The authors suggest using randomized search instead of grid search in almost every scenario, noting that although more complicated approaches are better (e.g. adaptive search algorithms), they're more complicated, while a randomized grid search is a much cheaper way of evaluating more of the search space. The randomized search, similar to the grid search, is trivially parallelizable, and can be scaled much more rapidly than an adaptive search, and can stopped, started, and scaled without difficulty.


The paper makes a lot of sense, and it's been pretty effective at convincing researchers to switch away from using grid searches. I use randomized search myself. Some more detailed notes:

  1. I'd like to see some sort of sequential randomized grid search that works iteratively, alternating between performing a randomized grid search over a subset of the parameter space, and then selecting a new, smaller subset to search over (in effect, performing gradient descent over the parameter space). Perhaps that exists and I need to find a paper discussing that. That is what happens practically.
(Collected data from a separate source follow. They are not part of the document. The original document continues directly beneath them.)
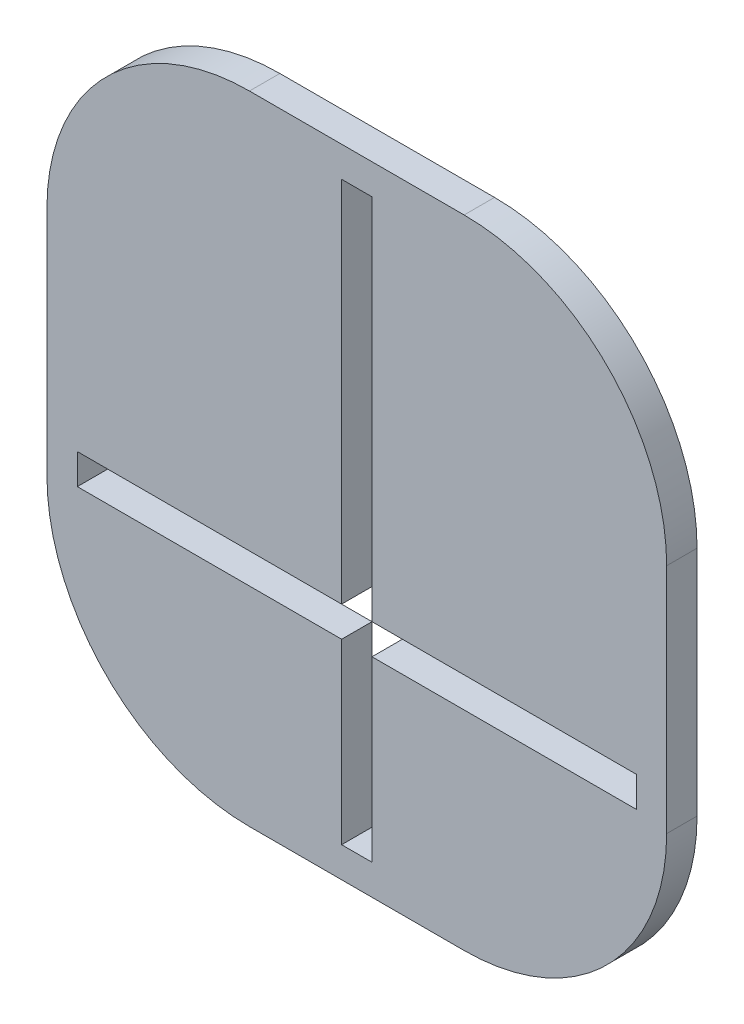
ISO-10303-21;
HEADER;
FILE_DESCRIPTION(('STEP AP214'),'2;1');
FILE_NAME('part.step','',(''),(''),'','','');
FILE_SCHEMA(('AUTOMOTIVE_DESIGN { 1 0 10303 214 1 1 1 1 }'));
ENDSEC;
DATA;
#1=APPLICATION_CONTEXT('core data for automotive mechanical design processes');
#2=APPLICATION_PROTOCOL_DEFINITION('international standard','automotive_design',2000,#1);
#3=PRODUCT_CONTEXT('',#1,'mechanical');
#4=PRODUCT('Part','Part','',(#3));
#5=PRODUCT_RELATED_PRODUCT_CATEGORY('part','',(#4));
#6=PRODUCT_DEFINITION_FORMATION('','',#4);
#7=PRODUCT_DEFINITION_CONTEXT('part definition',#1,'design');
#8=PRODUCT_DEFINITION('design','',#6,#7);
#9=PRODUCT_DEFINITION_SHAPE('','',#8);
#10=(LENGTH_UNIT() NAMED_UNIT(*) SI_UNIT(.MILLI.,.METRE.));
#11=(NAMED_UNIT(*) PLANE_ANGLE_UNIT() SI_UNIT($,.RADIAN.));
#12=(NAMED_UNIT(*) SI_UNIT($,.STERADIAN.) SOLID_ANGLE_UNIT());
#13=UNCERTAINTY_MEASURE_WITH_UNIT(LENGTH_MEASURE(1.E-05),#10,'distance_accuracy_value','');
#14=(GEOMETRIC_REPRESENTATION_CONTEXT(3) GLOBAL_UNCERTAINTY_ASSIGNED_CONTEXT((#13)) GLOBAL_UNIT_ASSIGNED_CONTEXT((#10,
#11,#12)) REPRESENTATION_CONTEXT('',''));
#15=CARTESIAN_POINT('',(0.,0.,0.));
#16=DIRECTION('',(0.,0.,1.));
#17=DIRECTION('',(1.,0.,0.));
#18=AXIS2_PLACEMENT_3D('',#15,#16,#17);
#19=CARTESIAN_POINT('',(0.,31.455,3.));
#20=DIRECTION('',(0.,-1.,0.));
#21=DIRECTION('',(1.,0.,0.));
#22=AXIS2_PLACEMENT_3D('',#19,#20,#21);
#23=PLANE('',#22);
#24=DIRECTION('',(-1.,0.,0.));
#25=VECTOR('',#24,1.);
#26=CARTESIAN_POINT('',(0.,31.455,0.));
#27=LINE('',#26,#25);
#28=CARTESIAN_POINT('',(10.6,31.455,0.));
#29=VERTEX_POINT('',#28);
#30=CARTESIAN_POINT('',(-10.6,31.455,0.));
#31=VERTEX_POINT('',#30);
#32=EDGE_CURVE('E254',#29,#31,#27,.T.);
#33=ORIENTED_EDGE('',*,*,#32,.T.);
#34=DIRECTION('',(0.,0.,-1.));
#35=VECTOR('',#34,1.);
#36=CARTESIAN_POINT('',(-10.6,31.455,3.));
#37=LINE('',#36,#35);
#38=CARTESIAN_POINT('',(-10.6,31.455,3.));
#39=VERTEX_POINT('',#38);
#40=EDGE_CURVE('E11',#39,#31,#37,.T.);
#41=ORIENTED_EDGE('',*,*,#40,.F.);
#42=DIRECTION('',(-1.,0.,0.));
#43=VECTOR('',#42,1.);
#44=CARTESIAN_POINT('',(0.,31.455,3.));
#45=LINE('',#44,#43);
#46=CARTESIAN_POINT('',(10.6,31.455,3.));
#47=VERTEX_POINT('',#46);
#48=EDGE_CURVE('E405',#47,#39,#45,.T.);
#49=ORIENTED_EDGE('',*,*,#48,.F.);
#50=DIRECTION('',(0.,0.,-1.));
#51=VECTOR('',#50,1.);
#52=CARTESIAN_POINT('',(10.6,31.455,3.));
#53=LINE('',#52,#51);
#54=EDGE_CURVE('E281',#47,#29,#53,.T.);
#55=ORIENTED_EDGE('',*,*,#54,.T.);
#56=EDGE_LOOP('',(#33,#41,#49,#55));
#57=FACE_BOUND('',#56,.T.);
#58=ADVANCED_FACE('F45',(#57),#23,.F.);
#59=CARTESIAN_POINT('',(-10.6,11.455,3.));
#60=DIRECTION('',(0.,0.,-1.));
#61=DIRECTION('',(-1.,0.,0.));
#62=AXIS2_PLACEMENT_3D('',#59,#60,#61);
#63=CYLINDRICAL_SURFACE('',#62,20.);
#64=CARTESIAN_POINT('',(-10.6,11.455,0.));
#65=DIRECTION('',(0.,0.,1.));
#66=DIRECTION('',(1.,0.,0.));
#67=AXIS2_PLACEMENT_3D('',#64,#65,#66);
#68=CIRCLE('',#67,20.);
#69=CARTESIAN_POINT('',(-30.6,11.455,0.));
#70=VERTEX_POINT('',#69);
#71=EDGE_CURVE('E258',#31,#70,#68,.T.);
#72=ORIENTED_EDGE('',*,*,#71,.T.);
#73=DIRECTION('',(0.,0.,-1.));
#74=VECTOR('',#73,1.);
#75=CARTESIAN_POINT('',(-30.6,11.455,3.));
#76=LINE('',#75,#74);
#77=CARTESIAN_POINT('',(-30.6,11.455,3.));
#78=VERTEX_POINT('',#77);
#79=EDGE_CURVE('E56',#78,#70,#76,.T.);
#80=ORIENTED_EDGE('',*,*,#79,.F.);
#81=CARTESIAN_POINT('',(-10.6,11.455,3.));
#82=DIRECTION('',(0.,0.,1.));
#83=DIRECTION('',(1.,0.,0.));
#84=AXIS2_PLACEMENT_3D('',#81,#82,#83);
#85=CIRCLE('',#84,20.);
#86=EDGE_CURVE('E408',#39,#78,#85,.T.);
#87=ORIENTED_EDGE('',*,*,#86,.F.);
#88=ORIENTED_EDGE('',*,*,#40,.T.);
#89=EDGE_LOOP('',(#72,#80,#87,#88));
#90=FACE_BOUND('',#89,.T.);
#91=ADVANCED_FACE('F440',(#90),#63,.T.);
#92=CARTESIAN_POINT('',(-30.6,0.,3.));
#93=DIRECTION('',(-1.,0.,0.));
#94=DIRECTION('',(0.,-1.,0.));
#95=AXIS2_PLACEMENT_3D('',#92,#93,#94);
#96=PLANE('',#95);
#97=DIRECTION('',(0.,1.,0.));
#98=VECTOR('',#97,1.);
#99=CARTESIAN_POINT('',(-30.6,0.,0.));
#100=LINE('',#99,#98);
#101=CARTESIAN_POINT('',(-30.6,-11.455,0.));
#102=VERTEX_POINT('',#101);
#103=EDGE_CURVE('E262',#102,#70,#100,.T.);
#104=ORIENTED_EDGE('',*,*,#103,.F.);
#105=DIRECTION('',(0.,0.,-1.));
#106=VECTOR('',#105,1.);
#107=CARTESIAN_POINT('',(-30.6,-11.455,3.));
#108=LINE('',#107,#106);
#109=CARTESIAN_POINT('',(-30.6,-11.455,3.));
#110=VERTEX_POINT('',#109);
#111=EDGE_CURVE('E291',#110,#102,#108,.T.);
#112=ORIENTED_EDGE('',*,*,#111,.F.);
#113=DIRECTION('',(0.,1.,0.));
#114=VECTOR('',#113,1.);
#115=CARTESIAN_POINT('',(-30.6,0.,3.));
#116=LINE('',#115,#114);
#117=EDGE_CURVE('E411',#110,#78,#116,.T.);
#118=ORIENTED_EDGE('',*,*,#117,.T.);
#119=ORIENTED_EDGE('',*,*,#79,.T.);
#120=EDGE_LOOP('',(#104,#112,#118,#119));
#121=FACE_BOUND('',#120,.T.);
#122=ADVANCED_FACE('F445',(#121),#96,.T.);
#123=CARTESIAN_POINT('',(-10.6,-11.455,3.));
#124=DIRECTION('',(0.,0.,-1.));
#125=DIRECTION('',(-1.,0.,0.));
#126=AXIS2_PLACEMENT_3D('',#123,#124,#125);
#127=CYLINDRICAL_SURFACE('',#126,20.);
#128=CARTESIAN_POINT('',(-10.6,-11.455,0.));
#129=DIRECTION('',(0.,0.,1.));
#130=DIRECTION('',(1.,0.,0.));
#131=AXIS2_PLACEMENT_3D('',#128,#129,#130);
#132=CIRCLE('',#131,20.);
#133=CARTESIAN_POINT('',(-10.6,-31.455,0.));
#134=VERTEX_POINT('',#133);
#135=EDGE_CURVE('E266',#134,#102,#132,.F.);
#136=ORIENTED_EDGE('',*,*,#135,.F.);
#137=DIRECTION('',(0.,0.,-1.));
#138=VECTOR('',#137,1.);
#139=CARTESIAN_POINT('',(-10.6,-31.455,3.));
#140=LINE('',#139,#138);
#141=CARTESIAN_POINT('',(-10.6,-31.455,3.));
#142=VERTEX_POINT('',#141);
#143=EDGE_CURVE('E288',#142,#134,#140,.T.);
#144=ORIENTED_EDGE('',*,*,#143,.F.);
#145=CARTESIAN_POINT('',(-10.6,-11.455,3.));
#146=DIRECTION('',(0.,0.,1.));
#147=DIRECTION('',(1.,0.,0.));
#148=AXIS2_PLACEMENT_3D('',#145,#146,#147);
#149=CIRCLE('',#148,20.);
#150=EDGE_CURVE('E415',#142,#110,#149,.F.);
#151=ORIENTED_EDGE('',*,*,#150,.T.);
#152=ORIENTED_EDGE('',*,*,#111,.T.);
#153=EDGE_LOOP('',(#136,#144,#151,#152));
#154=FACE_BOUND('',#153,.T.);
#155=ADVANCED_FACE('F608',(#154),#127,.T.);
#156=CARTESIAN_POINT('',(0.,-31.455,3.));
#157=DIRECTION('',(0.,-1.,0.));
#158=DIRECTION('',(1.,0.,0.));
#159=AXIS2_PLACEMENT_3D('',#156,#157,#158);
#160=PLANE('',#159);
#161=DIRECTION('',(-1.,0.,0.));
#162=VECTOR('',#161,1.);
#163=CARTESIAN_POINT('',(0.,-31.455,0.));
#164=LINE('',#163,#162);
#165=CARTESIAN_POINT('',(10.6,-31.455,0.));
#166=VERTEX_POINT('',#165);
#167=EDGE_CURVE('E270',#166,#134,#164,.T.);
#168=ORIENTED_EDGE('',*,*,#167,.F.);
#169=DIRECTION('',(0.,0.,-1.));
#170=VECTOR('',#169,1.);
#171=CARTESIAN_POINT('',(10.6,-31.455,3.));
#172=LINE('',#171,#170);
#173=CARTESIAN_POINT('',(10.6,-31.455,3.));
#174=VERTEX_POINT('',#173);
#175=EDGE_CURVE('E212',#174,#166,#172,.T.);
#176=ORIENTED_EDGE('',*,*,#175,.F.);
#177=DIRECTION('',(-1.,0.,0.));
#178=VECTOR('',#177,1.);
#179=CARTESIAN_POINT('',(0.,-31.455,3.));
#180=LINE('',#179,#178);
#181=EDGE_CURVE('E203',#174,#142,#180,.T.);
#182=ORIENTED_EDGE('',*,*,#181,.T.);
#183=ORIENTED_EDGE('',*,*,#143,.T.);
#184=EDGE_LOOP('',(#168,#176,#182,#183));
#185=FACE_BOUND('',#184,.T.);
#186=ADVANCED_FACE('F421',(#185),#160,.T.);
#187=CARTESIAN_POINT('',(10.6,-11.455,3.));
#188=DIRECTION('',(0.,0.,-1.));
#189=DIRECTION('',(-1.,0.,0.));
#190=AXIS2_PLACEMENT_3D('',#187,#188,#189);
#191=CYLINDRICAL_SURFACE('',#190,20.);
#192=CARTESIAN_POINT('',(10.6,-11.455,0.));
#193=DIRECTION('',(0.,0.,1.));
#194=DIRECTION('',(1.,0.,0.));
#195=AXIS2_PLACEMENT_3D('',#192,#193,#194);
#196=CIRCLE('',#195,20.);
#197=CARTESIAN_POINT('',(30.6,-11.455,0.));
#198=VERTEX_POINT('',#197);
#199=EDGE_CURVE('E210',#166,#198,#196,.T.);
#200=ORIENTED_EDGE('',*,*,#199,.T.);
#201=DIRECTION('',(0.,0.,-1.));
#202=VECTOR('',#201,1.);
#203=CARTESIAN_POINT('',(30.6,-11.455,3.));
#204=LINE('',#203,#202);
#205=CARTESIAN_POINT('',(30.6,-11.455,3.));
#206=VERTEX_POINT('',#205);
#207=EDGE_CURVE('E207',#206,#198,#204,.T.);
#208=ORIENTED_EDGE('',*,*,#207,.F.);
#209=CARTESIAN_POINT('',(10.6,-11.455,3.));
#210=DIRECTION('',(0.,0.,1.));
#211=DIRECTION('',(1.,0.,0.));
#212=AXIS2_PLACEMENT_3D('',#209,#210,#211);
#213=CIRCLE('',#212,20.);
#214=EDGE_CURVE('E196',#174,#206,#213,.T.);
#215=ORIENTED_EDGE('',*,*,#214,.F.);
#216=ORIENTED_EDGE('',*,*,#175,.T.);
#217=EDGE_LOOP('',(#200,#208,#215,#216));
#218=FACE_BOUND('',#217,.T.);
#219=ADVANCED_FACE('F208',(#218),#191,.T.);
#220=CARTESIAN_POINT('',(30.6,0.,3.));
#221=DIRECTION('',(-1.,0.,0.));
#222=DIRECTION('',(0.,-1.,0.));
#223=AXIS2_PLACEMENT_3D('',#220,#221,#222);
#224=PLANE('',#223);
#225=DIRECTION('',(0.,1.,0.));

  2. I was talking to a startup founder working on a deep learning product about HPO a few weeks ago and he mentioned that he considers HPO to be CapEx, in the sense that it's an investment in the model, just like code. I agree, and that changed how I think about HPO.

  3. Intuitively, it makes sense that there would be some smarter way to explore the hyperparameter space than to use a random search. There's been a lot of interesting work that uses Bayesian Optimization to find the optimal hyperparameters, and some interesting work by Google that uses RNNs to perform their HPO [2, 3]. I'll be interested to see where that leads. Google has been developing a system called "AutoML" that does this automatically, which will be useful when it's released.